Hydrophobins of this class have between 85 and 95 amino acid residues. The length of its Cys3–Cys4 loops varies between 4 and 44 residues, while its Cys4–Cys5 loops vary between 8 and 23 residues (Figure 2) [14]. The monolayers generated by this class are robust and resistant to enzymatic treatments, detergents such as SDS (2%), and high temperatures (100°C). However, they are dissociable with strong acid treatments (formic acid and trifluoroacetic acid).

An example of this class is hydrophobin SC3, from the basidiomycete S. commune, which reduces the surface tension of water from 72 to 24 mJ/m² at 25°C [2]. These proteins are the most studied within the hydrophobin family since they were among the first to be discovered and described. SC3 has 112 amino acids and weighs 13,431 Da (UniProt ID: P16933 SC3_SCHCO). In early experiments carried out by [15], it was discovered that the four disulfide bridges present in all hydrophobins, regardless of their classification, are essential for protein stability in their monomeric form since they prevent premature self-assembly (that is, without being in contact with the interface). In addition to these disulfide bridges, SC3 contains between 17 and 22 mannose residues linked to threonine residues in the N-terminal part of the protein, that is, exposed, which gives its characteristic properties to the hydrophilic side of the monolayer. To produce amphipathic monolayers, SC3 undergoes conformational changes within an oligomerization process, requiring a critical concentration of 50 μg/mL [2].
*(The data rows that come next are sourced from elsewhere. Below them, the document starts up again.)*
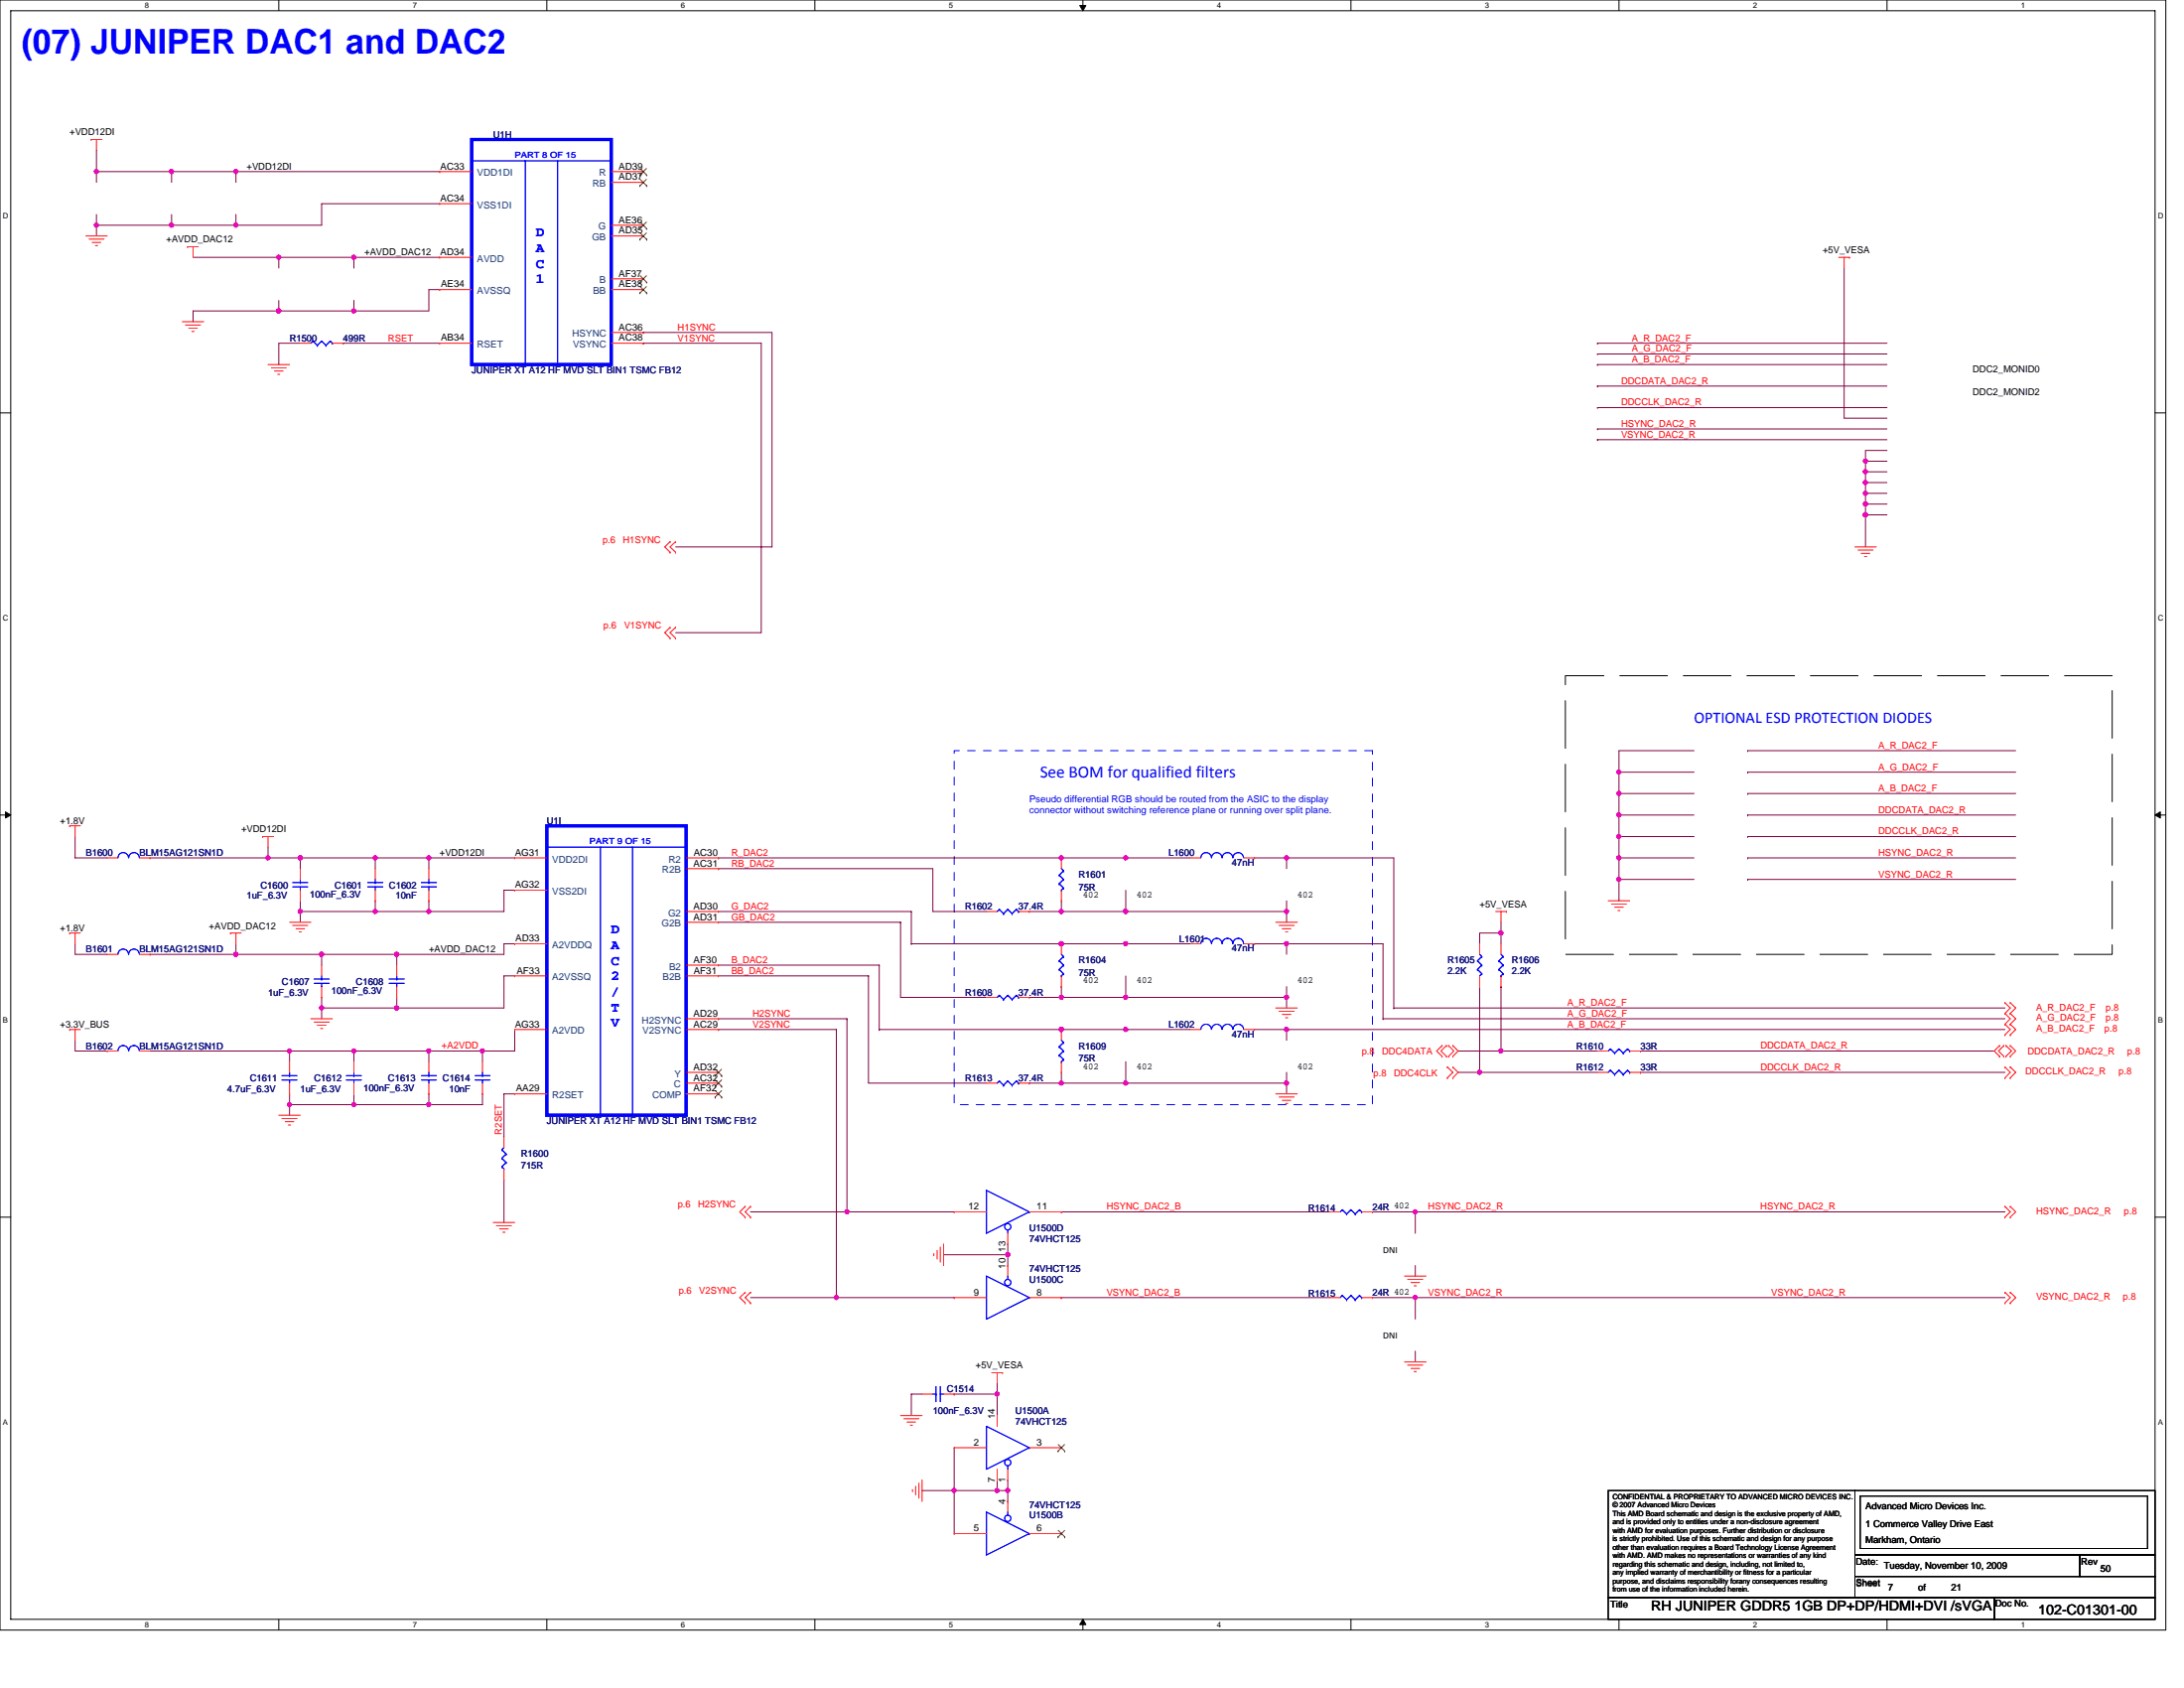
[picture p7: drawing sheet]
<svg xmlns="http://www.w3.org/2000/svg" width="279mm" height="216mm" viewBox="0 0 279 216" stroke-linecap="round" stroke-linejoin="round" font-family="sans-serif">
<path d="M0 0h277.1v208.5h-277.1zM1.4 1.4h274.3v205.7h-274.3z" fill="none" stroke="#000" stroke-width=".13"/>
<g fill="#fff">
<path d="M18.5 .1h.6v1.1h-.6z"/>
<path d="M18.5 207.3h.6v1.1h-.6z"/>
</g>
<path d="M35.7 0v1.4M35.7 207.1v1.4" fill="none" stroke="#000" stroke-width=".13"/>
<g fill="#fff">
<path d="M52.8 .1h.6v1.1h-.6z"/>
<path d="M52.8 207.3h.6v1.1h-.6z"/>
</g>
<path d="M70 0v1.4M70 207.1v1.4" fill="none" stroke="#000" stroke-width=".13"/>
<g fill="#fff">
<path d="M87.1 .1h.6v1.1h-.6z"/>
<path d="M87.1 207.3h.6v1.1h-.6z"/>
</g>
<path d="M104.2 0v1.4M104.2 207.1v1.4" fill="none" stroke="#000" stroke-width=".13"/>
<g fill="#fff">
<path d="M121.4 .1h.5v1.1h-.5z"/>
<path d="M121.4 207.3h.5v1.1h-.5z"/>
</g>
<path d="M138.5 0v1.4M138.5 207.1v1.4" fill="none" stroke="#000" stroke-width=".13"/>
<path d="M138.1 .7h.8l-.4 .7zM138.5 207.1l.4 .7h-.8z" fill="#000" stroke="#000" stroke-width=".13"/>
<g fill="#fff">
<path d="M155.7 .1h.5v1.1h-.5z"/>
<path d="M155.7 207.3h.5v1.1h-.5z"/>
</g>
<path d="M172.8 0v1.4M172.8 207.1v1.4" fill="none" stroke="#000" stroke-width=".13"/>
<g fill="#fff">
<path d="M190 .1h.5v1.1h-.5z"/>
<path d="M190 207.3h.5v1.1h-.5z"/>
</g>
<path d="M207.1 0v1.4M207.1 207.1v1.4" fill="none" stroke="#000" stroke-width=".13"/>
<g fill="#fff">
<path d="M224.3 .1h.5v1.1h-.5z"/>
<path d="M224.3 207.3h.5v1.1h-.5z"/>
</g>
<path d="M241.4 0v1.4M241.4 207.1v1.4" fill="none" stroke="#000" stroke-width=".13"/>
<g fill="#fff">
<path d="M258.6 .1h.5v1.1h-.5z"/>
<path d="M258.6 207.3h.5v1.1h-.5z"/>
<path d="M.4 27.1h.7v1.1h-.7z"/>
<path d="M276.1 27.1h.7v1.1h-.7z"/>
<path d="M.4 78.5h.7v1.1h-.7z"/>
<path d="M276.1 78.5h.7v1.1h-.7z"/>
</g>
<path d="M0 52.8h1.4M275.7 52.8h1.4" fill="none" stroke="#000" stroke-width=".13"/>
<g fill="#fff">
<path d="M.4 130h.6v1.1h-.6z"/>
<path d="M276.1 130h.6v1.1h-.6z"/>
</g>
<path d="M0 104.2h1.4M275.7 104.2h1.4" fill="none" stroke="#000" stroke-width=".13"/>
<path d="M.7 103.8l.7 .4-.7 .4zM275.7 104.2l.7-.4v.8z" fill="#000" stroke="#000" stroke-width=".13"/>
<g fill="#fff">
<path d="M.4 181.4h.6v1.1h-.6z"/>
<path d="M276.1 181.4h.6v1.1h-.6z"/>
</g>
<path d="M0 155.7h1.4M275.7 155.7h1.4M205.7 190.6h31.6v13.8h-31.6zM237.3 198.9h28.8v2.7h-28.8zM237.3 190.6h38.4v8.3h-38.4zM238 191.3h36.7v6.8h-36.7zM266.1 198.9h9.6v2.7h-9.6zM205.7 204.4h49.4v2.7h-49.4zM237.3 201.6h38.4v2.8h-38.4zM255.1 204.4h20.6v2.7h-20.6z" fill="none" stroke="#000" stroke-width=".13"/>
<path d="M122.1 96h53.5v45.3h-53.5z" fill="none" stroke="#00f" stroke-width=".13" stroke-dasharray="1 1 1 1 1 1 1 1"/>
<path d="M200.3 86.4h69.9v35.7h-69.9z" fill="none" stroke="#000" stroke-width=".13" stroke-dasharray="6.1 2"/>
<g fill="none" stroke="#800040" stroke-width=".13">
<path d="M12.3 19.2v2.7M12.3 27.4v1.4M12.3 28.8h.1M12.3 21.9h.1M12.3 21.9v1.4M12.3 28.8v1.4M12.3 21.9h43.9M21.9 27.4v1.4M21.9 21.9h.1M21.9 21.9v1.4M21.9 28.8h.1M24.7 39.8h.1"/>
<path d="M24.7 32.9h11M24.7 39.8v1.3M30.2 27.4v1.4M30.2 28.8h.1M30.2 21.9h.1M30.2 21.9v1.4M35.7 39.8h.1M35.7 32.9h.1M35.7 32.9v1.4M35.7 38.4v1.4M35.7 32.9h20.5M45.3 39.8h.1"/>
<path d="M45.3 38.4v1.4M45.3 32.9h.1M45.3 32.9v1.4M56.2 26.1h-15.1v2.7h-28.8M56.2 37h-1.3v2.8h-30.2M235.9 34.3v19.2h5.5M38.4 43.9h-2.7v2.7M43.9 43.9h.1M43.9 43.9h12.3M82.3 43.9h15.1v37h-11M82.3 42.5h.1M82.3 43.9h.1"/>
<path d="M82.3 42.5h16.5v27.5h-12.4M204.4 52.1h.1M204.4 49.4h.1M204.4 46.6h.1M204.4 43.9h.1M204.4 54.9h.1M204.4 45.3h.1M204.4 56.2h.1M204.4 43.9h37M204.4 52.1h37M204.4 49.4h37M204.4 46.6h37"/>
<path d="M204.4 54.9h37M204.4 45.3h37M204.4 56.2h37M238.7 59h.1M238.7 59h2.7M238.7 59v11M241.4 57.6h-2.7v1.4M238.7 65.8h.1M238.7 65.8h2.7M238.7 61.7h.1M238.7 60.3h.1M238.7 60.3h2.7"/>
<path d="M238.7 63.1h2.7M238.7 64.5h2.7M238.7 61.7h2.7M238.7 64.5h.1M238.7 63.1h.1M207.1 98.8v2.7M207.1 98.8h.1M207.1 98.8h9.6M216.7 96h-9.6v2.8M223.6 96h.1M223.6 98.8h.1M223.6 98.8h34.3"/>
<path d="M223.6 96h34.3M9.6 107v2.7h4.1M19.2 109.7h15.1M34.3 108.4v1.3M34.3 109.7h.1M34.3 109.7h31.5M38.4 116.6h.1M38.4 109.7h.1M38.4 109.7v1.4M38.4 115.2v1.4M38.4 116.6v1.4M48 115.2v1.4"/>
<path d="M48 109.7h.1M48 109.7v1.4M48 116.6h.1M54.9 115.2v1.4M54.9 116.6h.1M54.9 109.7h.1M54.9 109.7v1.4M65.8 113.9h-1.3v2.7h-26.1M91.9 111.1h27.4v5.5h6.9M91.9 111.1h.1M91.9 109.7h60.4M91.9 109.7h.1"/>
<path d="M91.9 116.6h24.7M91.9 118h23.3M115.2 118v9.6h11M115.2 118h.1M116.6 116.6h.1M116.6 116.6v4.1M131.7 116.6h4.1M135.8 109.7h.1M135.8 115.2v1.4M135.8 116.6h.1M135.8 116.6h28.8M144 113.9v2.7"/>
<path d="M144 116.6h.1M160.5 109.7h4.1M164.6 109.7h.1M164.6 109.7h13.7v19.2M164.6 116.6v1.4M164.6 109.7v1.4M164.6 115.2v1.4M192 119.3h.1M192 118v1.3M192 119.3h-2.7v1.4M192 119.3v1.4M207.1 107v2.7"/>
<path d="M207.1 112.5v2.7M207.1 101.5h.1M207.1 101.5v2.7M207.1 109.7h.1M207.1 109.7h9.6M207.1 104.2v2.8h9.6M207.1 104.2h.1M207.1 104.2h9.6M207.1 112.5h.1M207.1 101.5h9.6M207.1 109.7v2.8M207.1 112.5h9.6"/>
<path d="M223.6 101.5h.1M223.6 104.2h.1M223.6 107h.1M223.6 109.7h.1M223.6 112.5h.1M223.6 109.7h34.3M223.6 101.5h34.3M223.6 112.5h34.3M223.6 104.2h34.3M223.6 107h34.3M9.6 133.1v1.3h4.1M9.6 120.7v1.4h4.1"/>
<path d="M19.2 134.4h17.8M19.2 122.1h11M30.2 122.1h.1M30.2 120.7v1.4M37 134.4h.1M37 134.4v1.4M37 139.9v1.4M37 134.4h24.7M41.1 122.1v1.3M41.1 122.1h.1M41.1 128.9h.1M41.1 128.9v1.4"/>
<path d="M41.1 127.6v1.3M45.3 134.4h.1M45.3 139.9v1.4M45.3 134.4v1.4M50.8 122.1v1.3M50.8 128.9h.1M50.8 122.1h.1M50.8 127.6v1.3M54.9 134.4h.1M54.9 139.9v1.4M54.9 134.4v1.4M61.7 139.9v1.4h-16.4"/>
<path d="M61.7 134.4v1.4M64.5 139.9h.1M64.5 139.9h1.3M64.5 139.9v5.5M65.8 131.7v2.7h-4.1M65.8 120.7h-1.3v1.4h-34.3M65.8 124.8h-1.3v4.1h-23.4M91.9 130.3h.1M91.9 131.7h.1M91.9 131.7h15.1M91.9 130.3h16.5M91.9 123.4h20.6"/>
<path d="M91.9 124.8h19.2M107 131.7h.1M107 131.7v34.3M108.4 130.3h.1M108.4 130.3v24.7M111.1 124.8v13.7h15.1M111.1 124.8h.1M112.5 131.7h.1M112.5 123.4h.1M112.5 123.4v8.3M112.5 131.7h39.8M116.6 120.7h.1"/>
<path d="M116.6 120.7h35.7M131.7 138.5h4.1M131.7 127.6h4.1M135.8 138.5h.1M135.8 131.7h.1M135.8 120.7h.1M135.8 126.2h.1M135.8 127.6h8.2M135.8 137.2v1.3M135.8 138.5h28.8M135.8 126.2v1.4M144 131.7h.1"/>
<path d="M144 124.8v2.8M144 120.7h.1M144 135.8v2.7M144 138.5h.1M144 127.6h.1M144 127.6h20.6M160.5 120.7h4.1M160.5 131.7h4.1M164.6 131.7h.1M164.6 120.7v1.4M164.6 126.2v1.4M164.6 137.2v2.7"/>
<path d="M164.6 131.7v1.4M164.6 120.7h.1M164.6 120.7h12.3v9.6M164.6 127.6v1.3M164.6 131.7h91.9M176.9 130.3h.1M176.9 130.3h79.6M178.3 128.9h.1M178.3 128.9h78.2M186.5 134.4h5.5M186.5 137.2h2.8M189.3 126.2h.1"/>
<path d="M189.3 137.2h15.1M189.3 126.2v11M192 134.4h12.4M192 126.2h.1M192 126.2v8.2M209.9 134.4h.1M209.9 137.2h.1M209.9 134.4h45.2M209.9 137.2h46.6M37 141.3h8.3M37 141.3h.1M37 141.3v1.3"/>
<path d="M45.3 141.3h.1M54.9 141.3h.1M64.5 150.9v5.5M96 155h12.4M108.4 155h13.7M128.9 159.1v1.4M135.8 155h.1M135.8 155h34.3M175.6 155h5.5M181.1 155h.1M181.1 155v2.7M181.1 155h75.4"/>
<path d="M96 166h11M107 166h15.1M118 178.3h-1.4v2.8M120.7 160.5h8.2M122.1 178.3h.1M122.1 178.3h5.5M127.6 176.9v4.2M128.9 160.5h.1M128.9 160.5v1.4M135.8 166h.1M135.8 166h34.3M175.6 166h5.5"/>
<path d="M181.1 172.8v1.4M181.1 166v2.7M181.1 161.9v1.3M181.1 166h.1M181.1 166h75.4M118 190.6h4.1M122.1 190.6h.1M122.1 190.6v5.6M122.1 190.6h6.8M122.1 185.2v5.4M127.6 189.3v1.3M127.6 190.6h.1"/>
<path d="M128.9 190.6h.1M128.9 189.3v1.3M128.9 190.6v1.4"/>
</g>
<g fill="#f0f" stroke="#f0f" stroke-width=".13">
<circle cx="30.2" cy="28.8" r=".27"/>
<circle cx="30.2" cy="21.9" r=".27"/>
<circle cx="21.9" cy="21.9" r=".27"/>
<circle cx="12.3" cy="28.8" r=".27"/>
<circle cx="12.3" cy="21.9" r=".27"/>
<circle cx="35.7" cy="39.8" r=".27"/>
<circle cx="45.3" cy="39.8" r=".27"/>
<circle cx="45.3" cy="32.9" r=".27"/>
<circle cx="35.7" cy="32.9" r=".27"/>
<circle cx="21.9" cy="28.8" r=".27"/>
<circle cx="50.7" cy="122.1" r=".27"/>
<circle cx="41.1" cy="122.1" r=".27"/>
<circle cx="54.9" cy="116.6" r=".27"/>
<circle cx="54.9" cy="141.3" r=".27"/>
<circle cx="61.7" cy="134.4" r=".27"/>
<circle cx="54.9" cy="134.4" r=".27"/>
<circle cx="45.3" cy="134.4" r=".27"/>
<circle cx="37" cy="134.4" r=".27"/>
<circle cx="45.3" cy="141.3" r=".27"/>
<circle cx="54.9" cy="109.7" r=".27"/>
<circle cx="48" cy="109.7" r=".27"/>
<circle cx="38.4" cy="116.6" r=".27"/>
<circle cx="38.4" cy="109.7" r=".27"/>
<circle cx="34.3" cy="109.7" r=".27"/>
<circle cx="50.7" cy="128.9" r=".27"/>
<circle cx="41.1" cy="128.9" r=".27"/>
<circle cx="30.2" cy="122.1" r=".27"/>
<circle cx="48" cy="116.6" r=".27"/>
<circle cx="37" cy="141.3" r=".27"/>
<circle cx="192" cy="119.3" r=".27"/>
<circle cx="164.6" cy="131.7" r=".27"/>
<circle cx="189.3" cy="137.1" r=".27"/>
<circle cx="135.8" cy="138.5" r=".27"/>
<circle cx="108.3" cy="155" r=".27"/>
<circle cx="181" cy="155" r=".27"/>
<circle cx="135.8" cy="131.7" r=".27"/>
<circle cx="135.8" cy="120.7" r=".27"/>
<circle cx="144" cy="131.7" r=".27"/>
<circle cx="144" cy="109.7" r=".27"/>
<circle cx="135.8" cy="109.7" r=".27"/>
<circle cx="144" cy="120.7" r=".27"/>
<circle cx="164.6" cy="120.7" r=".27"/>
<circle cx="164.6" cy="109.7" r=".27"/>
<circle cx="135.8" cy="127.6" r=".27"/>
<circle cx="164.6" cy="138.5" r=".27"/>
<circle cx="144" cy="138.5" r=".27"/>
<circle cx="164.6" cy="127.6" r=".27"/>
<circle cx="144" cy="127.6" r=".27"/>
<circle cx="144" cy="116.6" r=".27"/>
<circle cx="135.8" cy="116.6" r=".27"/>
<circle cx="164.6" cy="116.6" r=".27"/>
<circle cx="107" cy="166" r=".27"/>
<circle cx="181" cy="166" r=".27"/>
<circle cx="128.9" cy="160.5" r=".27"/>
<circle cx="192" cy="134.4" r=".27"/>
<circle cx="207.1" cy="101.5" r=".27"/>
<circle cx="207.1" cy="98.8" r=".27"/>
<circle cx="207.1" cy="109.7" r=".27"/>
<circle cx="207.1" cy="107" r=".27"/>
<circle cx="207.1" cy="104.2" r=".27"/>
<circle cx="207.1" cy="112.5" r=".27"/>
<circle cx="238.6" cy="65.8" r=".27"/>
<circle cx="238.6" cy="59" r=".27"/>
<circle cx="238.6" cy="61.7" r=".27"/>
<circle cx="238.6" cy="60.3" r=".27"/>
<circle cx="238.6" cy="64.5" r=".27"/>
<circle cx="238.6" cy="63.1" r=".27"/>
<circle cx="128.9" cy="190.6" r=".27"/>
<circle cx="122.1" cy="190.6" r=".27"/>
<circle cx="127.6" cy="178.3" r=".27"/>
<circle cx="127.6" cy="190.6" r=".27"/>
</g>
<g fill="none" stroke="#f00" stroke-width=".13">
<path d="M11.7 17.8h.1M11.7 17.8h1.3M12.3 17.8v1.4M11 30.2h2.7M11.4 30.6h1.9M11.8 31h1.1M12.2 31.4h.3M24 31.6h.1M24 31.6h1.4M24.7 31.6v1.3M56.2 32.9h.1M56.2 37h.1"/>
<path d="M56.2 21.9h.1M56.2 26.1h.1M56.2 32.9h4.1M56.2 21.9h4.1M56.2 37h4.1M56.2 26.1h4.1M78.2 21.9h4.1M78.2 23.3h4.1M78.2 28.8h4.1M78.2 30.2h4.1M78.2 35.7h4.1M78.2 37h4.1"/>
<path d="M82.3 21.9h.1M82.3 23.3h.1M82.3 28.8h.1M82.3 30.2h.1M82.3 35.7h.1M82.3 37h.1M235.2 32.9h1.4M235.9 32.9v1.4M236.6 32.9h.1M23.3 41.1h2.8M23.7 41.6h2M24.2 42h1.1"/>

The first conformational change involves going from the monomeric configuration of the protein (the one that maintains a high solubility in aqueous media and is secreted by the cell) to the α-helical structure. This change occurs when the monomers are in contact with the hydrophilic–hydrophobic interface; such contact causes the hydrophobin SC3 to proceed into an intermediate stage, where the content of the α-helix structure increases, allowing hydrophobins to form amyloid fibers, that is, an intermediate between the monomeric and the β-folded conformation [13]. Therefore, it is considered that the change from the monomer state to a helical intermediate is responsible for initiating polymerization. Similarly, the second conformational change consists of the lateral association of β-sheet species to generate rods or fibers of 10 nm in diameter (each composed of 2–3 protofilaments of 2.5-nm wide) and monolayers on a surface or substrate [16]. In addition, Scholtmeijer et al. reported that specific components of the cell wall, such as schizophyllan and β-1-3 glucan, accelerate the formation of β-sheets. The latter was established after observing an increase (80%) in thioflavin T (ThT) fluorescence in 16 h when schizophyllan was added to the solution; in its absence, only a 25% increase in fluorescence was observed. However, the exact mechanism by which they promote agglutination is barely known [17].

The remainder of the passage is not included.